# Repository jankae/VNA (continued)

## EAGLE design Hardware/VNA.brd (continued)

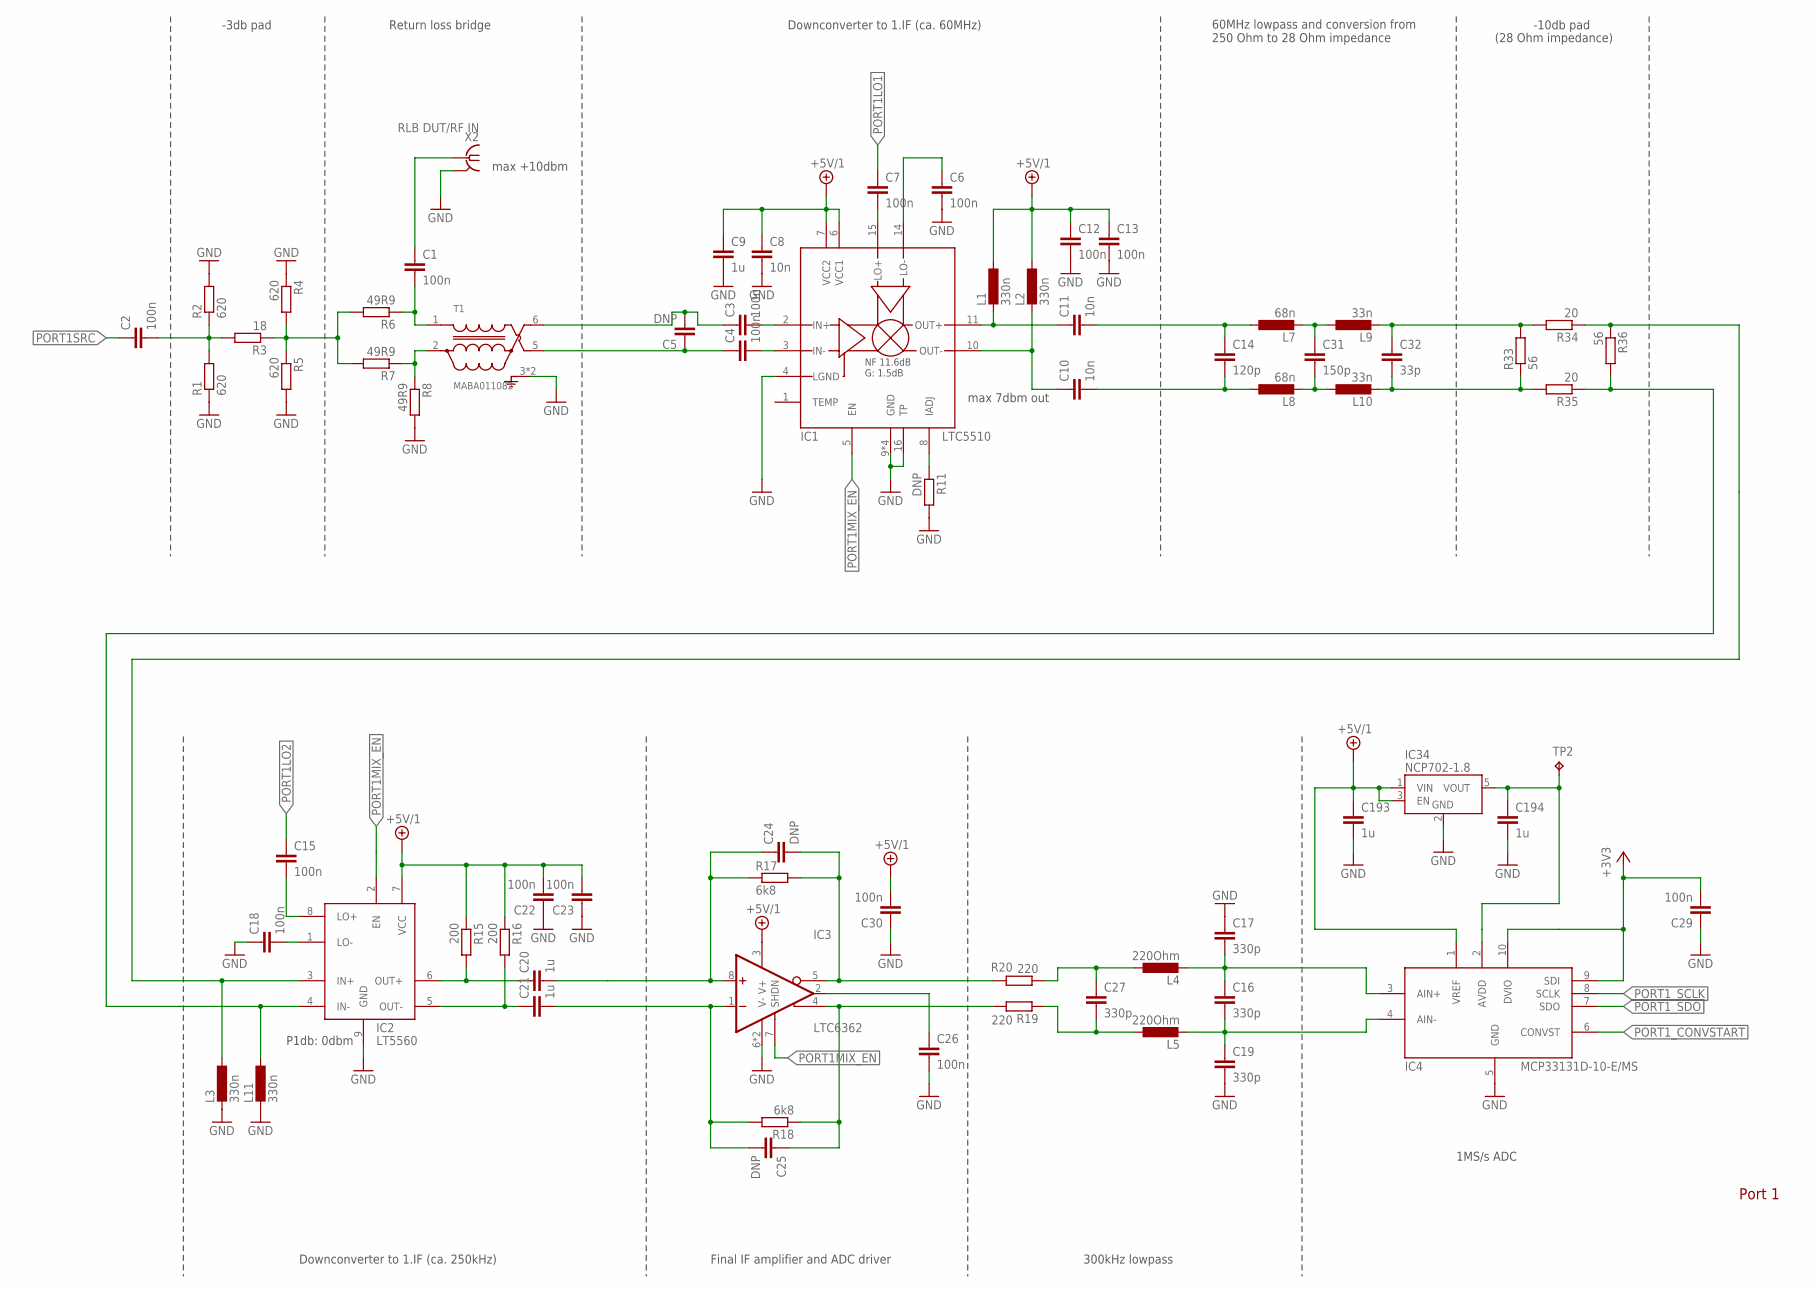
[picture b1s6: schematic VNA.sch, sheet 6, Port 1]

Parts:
C1, C2, C3, C4, C6, C7, C12, C13, C15, C18, C22, C23, C26, C29, C30: 100n; C0603
C5, C24, C25: DNP; C0603
C8, C10, C11: 10n; C0603
C9, C20, C21, C193, C194: 1u; C0603
C14: 120p; C0603
C16, C17, C19, C27: 330p; C0603
C31: 150p; C0603
C32: 33p; C0603
IC1: LTC5510; QFN65P400X400X75-17T215N
IC2: LT5560; SON50P300X300X80-9T165X238
IC3: LTC6362; SON50P300X300X80-9T165X238
IC4: MCP33131D-10-E/MS; SOP50P490X110-10N
IC34: NCP702-1.8; SOT95P240X110-5
L1, L2, L3, L11: 330n; R0603
L4, L5: 220Ohm; R0603
L7, L8: 68n; R0603
L9, L10: 33n; R0603
R1, R2, R4, R5: 620; R0603
R3: 18; R0603
R6, R7, R8: 49R9; R0603
R11: DNP; R0603
R15, R16: 200; R0603
R17, R18: 6k8; R0603
R19, R20: 220; R0603
R33, R36: 56; R0603
R34, R35: 20; R0603
T1: MABA011082; MACOM_BALUN
TP2: TPB1,27; B1,27
X2: RLB DUT/RF IN; J502-ND-142-0711-821/826

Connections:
+3V3: C29.2, IC4.9 (SDI), IC4.10 (DVIO); also elsewhere on the board
+5V/1: C8.1, C9.1, C12.1, C13.1, C22.2, C23.2, C30.2, C193.1, IC1.6 (VCC1), IC1.7 (VCC2), IC2.7 (VCC), IC3.3 (V+), IC4.1 (VREF), IC34.1 (VIN), IC34.3 (EN), L1.1, L2.1, R15.1, R16.1; also elsewhere on the board
GND: C6.2, C8.2, C9.2, C12.2, C13.2, C17.1, C18.1, C19.2, C22.1, C23.1, C26.2, C29.1, C30.1, C193.2, C194.2, IC1.4 (LGND), IC1.9 (GND), IC1.12 (GND), IC1.13 (GND), IC1.16 (TP), IC1.17 (GND), IC2.9 (GND), IC3.6 (V-), IC3.9 (V-), IC4.5 (GND), IC34.2 (GND), L3.2, L11.2, R1.1, R2.2, R4.1, R5.2, R8.2, R11.2, T1.3 (GND), T1.4 (GND), X2.G@1 (2), X2.G@2 (2), X2.G@3 (2), X2.G@4 (2); also elsewhere on the board
unnamed: C2.2, R1.2, R2.1, R3.2
unnamed: R3.1, R4.2, R5.1, R6.2, R7.2
unnamed: C11.2, C14.1, L7.1
unnamed: C1.2, R6.1, T1.1 (PIN1)
unnamed: R7.1, R8.1, T1.2 (PIN2)
unnamed: C1.1, X2.1
unnamed: C3.2, IC1.2 (IN+)
unnamed: C4.2, IC1.3 (IN-)
unnamed: C4.1, C5.1, T1.5 (PIN5)
unnamed: C3.1, C5.2, T1.6 (PIN6)
unnamed: C6.1, IC1.14 (LO-)
unnamed: C7.2, IC1.15 (LO+)
unnamed: C16.1, C17.2, IC4.3 (AIN+), L4.2
unnamed: C11.1, IC1.11 (OUT+), L1.2
unnamed: C10.1, IC1.10 (OUT-), L2.2
unnamed: C10.2, C14.2, L8.1
unnamed: C31.2, L8.2, L10.1
unnamed: C15.2, IC2.8 (LO+)
unnamed: IC1.8 (IADJ), R11.1
unnamed: C16.2, C19.1, IC4.4 (AIN-), L5.2
unnamed: C18.2, IC2.1 (LO-)
unnamed: C20.1, IC2.6 (OUT+), R15.2
unnamed: C21.1, IC2.5 (OUT-), R16.2
unnamed: C25.1, IC3.4 (+OUT), R18.1, R19.2
unnamed: C24.2, IC3.5 (-OUT), R17.2, R20.2
unnamed: C31.1, L7.2, L9.1
unnamed: IC2.3 (IN+), L3.1, R34.1, R36.1
unnamed: C32.1, L9.2, R33.2, R34.2
unnamed: C32.2, L10.2, R33.1, R35.2
unnamed: IC2.4 (IN-), L11.1, R35.1, R36.2
unnamed: C21.2, C25.2, IC3.1 (-IN), R18.2
unnamed: C20.2, C24.1, IC3.8 (+IN), R17.1
unnamed: C194.1, IC4.2 (AVDD), IC34.5 (VOUT), TP2.TP
OUT+: C27.1, L4.1, R20.1
OUT-: C27.2, L5.1, R19.1
OUT_CM: C26.1, IC3.2 (VOCM)
PORT1LO1: C7.1; also elsewhere on the board
PORT1LO2: C15.1; also elsewhere on the board
PORT1MIX_EN: IC1.5 (EN), IC2.2 (EN), IC3.7 (SHDN); also elsewhere on the board
PORT1SRC: C2.1; also elsewhere on the board
PORT1_CONVSTART: IC4.6 (CONVST); also elsewhere on the board
PORT1_SCLK: IC4.8 (SCLK); also elsewhere on the board
PORT1_SDO: IC4.7 (SDO); also elsewhere on the board

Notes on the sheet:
max +10dbm
max 7dbm out
P1db: 0dbm
-3db pad
Return loss bridge
Downconverter to 1.IF (ca. 60MHz)
60MHz lowpass and conversion from 250 Ohm to 28 Ohm impedance
-10db pad
(28 Ohm impedance)
Downconverter to 1.IF (ca. 250kHz)
Final IF amplifier and ADC driver
300kHz lowpass
1MS/s ADC
Port 1

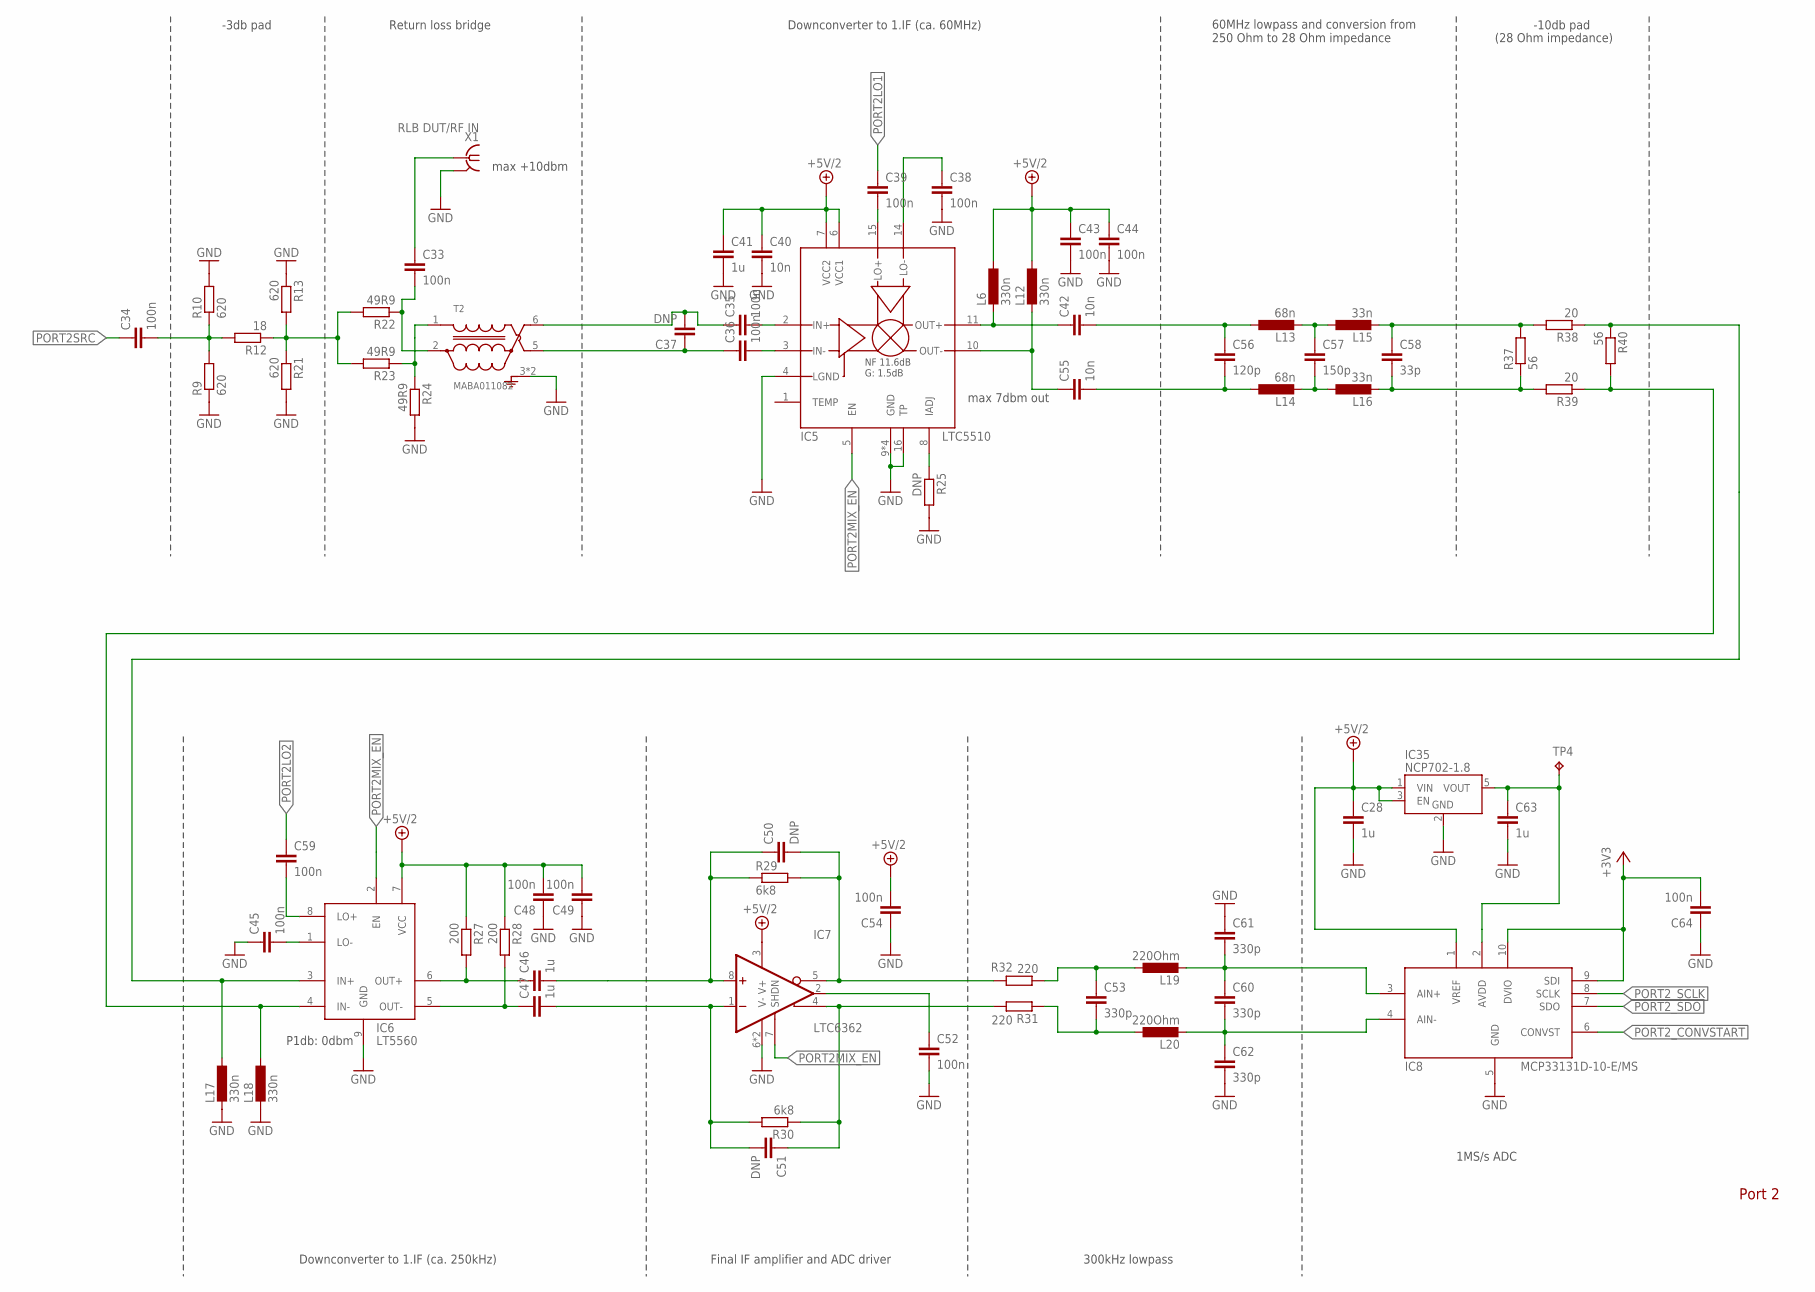
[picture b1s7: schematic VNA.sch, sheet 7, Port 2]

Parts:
C28, C41, C46, C47, C63: 1u; C0603
C33, C34, C35, C36, C38, C39, C43, C44, C45, C48, C49, C52, C54, C59, C64: 100n; C0603
C37, C50, C51: DNP; C0603
C40, C42, C55: 10n; C0603
C53, C60, C61, C62: 330p; C0603
C56: 120p; C0603
C57: 150p; C0603
C58: 33p; C0603
IC5: LTC5510; QFN65P400X400X75-17T215N
IC6: LT5560; SON50P300X300X80-9T165X238
IC7: LTC6362; SON50P300X300X80-9T165X238
IC8: MCP33131D-10-E/MS; SOP50P490X110-10N
IC35: NCP702-1.8; SOT95P240X110-5
L6, L12, L17, L18: 330n; R0603
L13, L14: 68n; R0603
L15, L16: 33n; R0603
L19, L20: 220Ohm; R0603
R9, R10, R13, R21: 620; R0603
R12: 18; R0603
R22, R23, R24: 49R9; R0603
R25: DNP; R0603
R27, R28: 200; R0603
R29, R30: 6k8; R0603
R31, R32: 220; R0603
R37, R40: 56; R0603
R38, R39: 20; R0603
T2: MABA011082; MACOM_BALUN
TP4: TPB1,27; B1,27
X1: RLB DUT/RF IN; J502-ND-142-0711-821/826

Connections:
+3V3: C64.2, IC8.9 (SDI), IC8.10 (DVIO); also elsewhere on the board
+5V/2: C28.1, C40.1, C41.1, C43.1, C44.1, C48.2, C49.2, C54.2, IC5.6 (VCC1), IC5.7 (VCC2), IC6.7 (VCC), IC7.3 (V+), IC8.1 (VREF), IC35.1 (VIN), IC35.3 (EN), L6.1, L12.1, R27.1, R28.1; also elsewhere on the board
GND: C28.2, C38.2, C40.2, C41.2, C43.2, C44.2, C45.1, C48.1, C49.1, C52.2, C54.1, C61.1, C62.2, C63.2, C64.1, IC5.4 (LGND), IC5.9 (GND), IC5.12 (GND), IC5.13 (GND), IC5.16 (TP), IC5.17 (GND), IC6.9 (GND), IC7.6 (V-), IC7.9 (V-), IC8.5 (GND), IC35.2 (GND), L17.2, L18.2, R9.1, R10.2, R13.1, R21.2, R24.2, R25.2, T2.3 (GND), T2.4 (GND), X1.G@1 (2), X1.G@2 (2), X1.G@3 (2), X1.G@4 (2); also elsewhere on the board
unnamed: C34.2, R9.2, R10.1, R12.2
unnamed: R12.1, R13.2, R21.1, R22.2, R23.2
unnamed: C33.2, R22.1, T2.2 (PIN2)
unnamed: R23.1, R24.1, T2.1 (PIN1)
unnamed: C33.1, X1.1
unnamed: C35.2, IC5.2 (IN+)
unnamed: C36.2, IC5.3 (IN-)
unnamed: C36.1, C37.1, T2.5 (PIN5)
unnamed: C35.1, C37.2, T2.6 (PIN6)
unnamed: C38.1, IC5.14 (LO-)
unnamed: C39.2, IC5.15 (LO+)
unnamed: C42.1, IC5.11 (OUT+), L6.2
unnamed: C55.1, IC5.10 (OUT-), L12.2
unnamed: IC5.8 (IADJ), R25.1
unnamed: C45.2, IC6.1 (LO-)
unnamed: C46.1, IC6.6 (OUT+), R27.2
unnamed: C47.1, IC6.5 (OUT-), R28.2
unnamed: C51.1, IC7.4 (+OUT), R30.1, R31.2
unnamed: C50.2, IC7.5 (-OUT), R29.2, R32.2
unnamed: C42.2, C56.1, L13.1
unnamed: C55.2, C56.2, L14.1
unnamed: C57.2, L14.2, L16.1
unnamed: C57.1, L13.2, L15.1
unnamed: IC6.3 (IN+), L17.1, R38.1, R40.1
unnamed: C59.2, IC6.8 (LO+)
unnamed: C60.1, C61.2, IC8.3 (AIN+), L19.2
unnamed: C60.2, C62.1, IC8.4 (AIN-), L20.2
unnamed: C58.1, L15.2, R37.2, R38.2
unnamed: C58.2, L16.2, R37.1, R39.2
unnamed: IC6.4 (IN-), L18.1, R39.1, R40.2
unnamed: C47.2, C51.2, IC7.1 (-IN), R30.2
unnamed: C46.2, C50.1, IC7.8 (+IN), R29.1
unnamed: C63.1, IC8.2 (AVDD), IC35.5 (VOUT), TP4.TP
OUT+1: C53.1, L19.1, R32.1
OUT-1: C53.2, L20.1, R31.1
OUT_CM1: C52.1, IC7.2 (VOCM)
PORT2LO1: C39.1; also elsewhere on the board
PORT2LO2: C59.1; also elsewhere on the board
PORT2MIX_EN: IC5.5 (EN), IC6.2 (EN), IC7.7 (SHDN); also elsewhere on the board
PORT2SRC: C34.1; also elsewhere on the board
PORT2_CONVSTART: IC8.6 (CONVST); also elsewhere on the board
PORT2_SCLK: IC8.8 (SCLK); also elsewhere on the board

• [WHAT IS NEEDED]:
Which lines above run from the one containing "unnamed: C38.1, IC5.14 (LO-)" to the one containing "unnamed: C50.2, IC7.5 (-OUT), R29.2, R32.2"? Give them again exactly, both ends included.

• [OUTPUT FOR THIS TASK]:
unnamed: C38.1, IC5.14 (LO-)
unnamed: C39.2, IC5.15 (LO+)
unnamed: C42.1, IC5.11 (OUT+), L6.2
unnamed: C55.1, IC5.10 (OUT-), L12.2
unnamed: IC5.8 (IADJ), R25.1
unnamed: C45.2, IC6.1 (LO-)
unnamed: C46.1, IC6.6 (OUT+), R27.2
unnamed: C47.1, IC6.5 (OUT-), R28.2
unnamed: C51.1, IC7.4 (+OUT), R30.1, R31.2
unnamed: C50.2, IC7.5 (-OUT), R29.2, R32.2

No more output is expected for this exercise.